> _Exercise brief_: The following entries are to be retyped in full, exactly as written.

> _Source records_:
****

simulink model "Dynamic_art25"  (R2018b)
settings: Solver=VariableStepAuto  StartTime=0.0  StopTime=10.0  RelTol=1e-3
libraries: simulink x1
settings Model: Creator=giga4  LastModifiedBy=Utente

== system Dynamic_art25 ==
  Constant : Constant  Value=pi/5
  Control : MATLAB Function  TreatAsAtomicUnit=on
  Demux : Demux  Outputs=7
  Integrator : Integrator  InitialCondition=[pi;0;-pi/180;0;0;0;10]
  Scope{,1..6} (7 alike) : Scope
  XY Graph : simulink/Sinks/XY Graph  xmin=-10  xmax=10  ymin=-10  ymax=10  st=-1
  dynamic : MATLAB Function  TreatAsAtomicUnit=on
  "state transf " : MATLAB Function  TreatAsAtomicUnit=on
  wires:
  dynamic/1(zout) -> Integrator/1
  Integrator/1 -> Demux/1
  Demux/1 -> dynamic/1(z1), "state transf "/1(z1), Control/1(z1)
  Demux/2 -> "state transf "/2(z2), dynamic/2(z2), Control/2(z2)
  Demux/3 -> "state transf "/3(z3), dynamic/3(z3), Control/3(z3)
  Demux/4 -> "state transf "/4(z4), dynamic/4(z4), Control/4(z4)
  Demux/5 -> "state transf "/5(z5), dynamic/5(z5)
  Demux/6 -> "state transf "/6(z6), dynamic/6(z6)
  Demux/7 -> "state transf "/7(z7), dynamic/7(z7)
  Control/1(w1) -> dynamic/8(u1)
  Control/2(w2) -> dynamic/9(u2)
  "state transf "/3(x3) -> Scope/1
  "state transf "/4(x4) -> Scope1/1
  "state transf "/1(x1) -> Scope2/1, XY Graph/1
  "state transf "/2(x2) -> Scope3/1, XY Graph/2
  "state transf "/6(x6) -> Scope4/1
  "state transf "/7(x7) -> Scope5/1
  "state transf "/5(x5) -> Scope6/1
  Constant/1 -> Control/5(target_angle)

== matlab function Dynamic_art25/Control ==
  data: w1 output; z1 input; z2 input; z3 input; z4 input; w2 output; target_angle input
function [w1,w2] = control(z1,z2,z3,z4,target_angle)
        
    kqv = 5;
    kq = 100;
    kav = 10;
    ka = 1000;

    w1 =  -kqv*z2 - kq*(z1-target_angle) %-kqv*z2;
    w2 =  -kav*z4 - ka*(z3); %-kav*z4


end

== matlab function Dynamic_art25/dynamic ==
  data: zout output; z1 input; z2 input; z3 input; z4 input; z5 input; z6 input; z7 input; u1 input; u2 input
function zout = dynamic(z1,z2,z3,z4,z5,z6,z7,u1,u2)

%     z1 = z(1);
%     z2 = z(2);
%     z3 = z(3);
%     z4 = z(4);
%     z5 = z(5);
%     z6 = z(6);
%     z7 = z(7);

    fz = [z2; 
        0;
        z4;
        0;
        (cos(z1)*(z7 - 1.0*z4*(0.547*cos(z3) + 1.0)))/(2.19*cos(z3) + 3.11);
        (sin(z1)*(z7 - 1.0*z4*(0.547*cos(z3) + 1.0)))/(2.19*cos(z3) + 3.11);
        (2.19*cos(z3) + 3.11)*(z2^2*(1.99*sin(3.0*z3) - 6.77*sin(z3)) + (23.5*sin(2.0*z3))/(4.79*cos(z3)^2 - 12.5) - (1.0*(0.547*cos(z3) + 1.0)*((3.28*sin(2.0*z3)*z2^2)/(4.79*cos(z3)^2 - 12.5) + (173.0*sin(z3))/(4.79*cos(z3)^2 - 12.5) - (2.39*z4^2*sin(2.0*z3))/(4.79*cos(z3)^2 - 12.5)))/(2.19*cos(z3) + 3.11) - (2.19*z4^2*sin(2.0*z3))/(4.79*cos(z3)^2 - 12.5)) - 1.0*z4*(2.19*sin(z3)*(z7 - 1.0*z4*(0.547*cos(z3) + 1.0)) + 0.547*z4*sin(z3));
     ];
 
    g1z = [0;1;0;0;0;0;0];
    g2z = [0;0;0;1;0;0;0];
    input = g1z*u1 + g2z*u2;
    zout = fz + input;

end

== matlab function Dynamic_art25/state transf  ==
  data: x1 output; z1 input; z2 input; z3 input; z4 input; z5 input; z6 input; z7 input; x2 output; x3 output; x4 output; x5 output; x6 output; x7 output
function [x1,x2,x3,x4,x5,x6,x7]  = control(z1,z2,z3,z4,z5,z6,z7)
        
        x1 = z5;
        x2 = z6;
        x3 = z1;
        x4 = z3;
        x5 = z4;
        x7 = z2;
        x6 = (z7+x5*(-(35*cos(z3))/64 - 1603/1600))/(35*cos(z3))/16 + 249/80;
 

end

****

> _Response below_:
simulink model "Dynamic_art25"  (R2018b)
settings: Solver=VariableStepAuto  StartTime=0.0  StopTime=10.0  RelTol=1e-3
libraries: simulink x1
settings Model: Creator=giga4  LastModifiedBy=Utente

== system Dynamic_art25 ==
  Constant : Constant  Value=pi/5
  Control : MATLAB Function  TreatAsAtomicUnit=on
  Demux : Demux  Outputs=7
  Integrator : Integrator  InitialCondition=[pi;0;-pi/180;0;0;0;10]
  Scope{,1..6} (7 alike) : Scope
  XY Graph : simulink/Sinks/XY Graph  xmin=-10  xmax=10  ymin=-10  ymax=10  st=-1
  dynamic : MATLAB Function  TreatAsAtomicUnit=on
  "state transf " : MATLAB Function  TreatAsAtomicUnit=on
  wires:
  dynamic/1(zout) -> Integrator/1
  Integrator/1 -> Demux/1
  Demux/1 -> dynamic/1(z1), "state transf "/1(z1), Control/1(z1)
  Demux/2 -> "state transf "/2(z2), dynamic/2(z2), Control/2(z2)
  Demux/3 -> "state transf "/3(z3), dynamic/3(z3), Control/3(z3)
  Demux/4 -> "state transf "/4(z4), dynamic/4(z4), Control/4(z4)
  Demux/5 -> "state transf "/5(z5), dynamic/5(z5)
  Demux/6 -> "state transf "/6(z6), dynamic/6(z6)
  Demux/7 -> "state transf "/7(z7), dynamic/7(z7)
  Control/1(w1) -> dynamic/8(u1)
  Control/2(w2) -> dynamic/9(u2)
  "state transf "/3(x3) -> Scope/1
  "state transf "/4(x4) -> Scope1/1
  "state transf "/1(x1) -> Scope2/1, XY Graph/1
  "state transf "/2(x2) -> Scope3/1, XY Graph/2
  "state transf "/6(x6) -> Scope4/1
  "state transf "/7(x7) -> Scope5/1
  "state transf "/5(x5) -> Scope6/1
  Constant/1 -> Control/5(target_angle)

== matlab function Dynamic_art25/Control ==
  data: w1 output; z1 input; z2 input; z3 input; z4 input; w2 output; target_angle input
function [w1,w2] = control(z1,z2,z3,z4,target_angle)
        
    kqv = 5;
    kq = 100;
    kav = 10;
    ka = 1000;

    w1 =  -kqv*z2 - kq*(z1-target_angle) %-kqv*z2;
    w2 =  -kav*z4 - ka*(z3); %-kav*z4


end

== matlab function Dynamic_art25/dynamic ==
  data: zout output; z1 input; z2 input; z3 input; z4 input; z5 input; z6 input; z7 input; u1 input; u2 input
function zout = dynamic(z1,z2,z3,z4,z5,z6,z7,u1,u2)

%     z1 = z(1);
%     z2 = z(2);
%     z3 = z(3);
%     z4 = z(4);
%     z5 = z(5);
%     z6 = z(6);
%     z7 = z(7);

    fz = [z2; 
        0;
        z4;
        0;
        (cos(z1)*(z7 - 1.0*z4*(0.547*cos(z3) + 1.0)))/(2.19*cos(z3) + 3.11);
        (sin(z1)*(z7 - 1.0*z4*(0.547*cos(z3) + 1.0)))/(2.19*cos(z3) + 3.11);
        (2.19*cos(z3) + 3.11)*(z2^2*(1.99*sin(3.0*z3) - 6.77*sin(z3)) + (23.5*sin(2.0*z3))/(4.79*cos(z3)^2 - 12.5) - (1.0*(0.547*cos(z3) + 1.0)*((3.28*sin(2.0*z3)*z2^2)/(4.79*cos(z3)^2 - 12.5) + (173.0*sin(z3))/(4.79*cos(z3)^2 - 12.5) - (2.39*z4^2*sin(2.0*z3))/(4.79*cos(z3)^2 - 12.5)))/(2.19*cos(z3) + 3.11) - (2.19*z4^2*sin(2.0*z3))/(4.79*cos(z3)^2 - 12.5)) - 1.0*z4*(2.19*sin(z3)*(z7 - 1.0*z4*(0.547*cos(z3) + 1.0)) + 0.547*z4*sin(z3));
     ];
 
    g1z = [0;1;0;0;0;0;0];
    g2z = [0;0;0;1;0;0;0];
    input = g1z*u1 + g2z*u2;
    zout = fz + input;

end

== matlab function Dynamic_art25/state transf  ==
  data: x1 output; z1 input; z2 input; z3 input; z4 input; z5 input; z6 input; z7 input; x2 output; x3 output; x4 output; x5 output; x6 output; x7 output
function [x1,x2,x3,x4,x5,x6,x7]  = control(z1,z2,z3,z4,z5,z6,z7)
        
        x1 = z5;
        x2 = z6;
        x3 = z1;
        x4 = z3;
        x5 = z4;
        x7 = z2;
        x6 = (z7+x5*(-(35*cos(z3))/64 - 1603/1600))/(35*cos(z3))/16 + 249/80;
 

end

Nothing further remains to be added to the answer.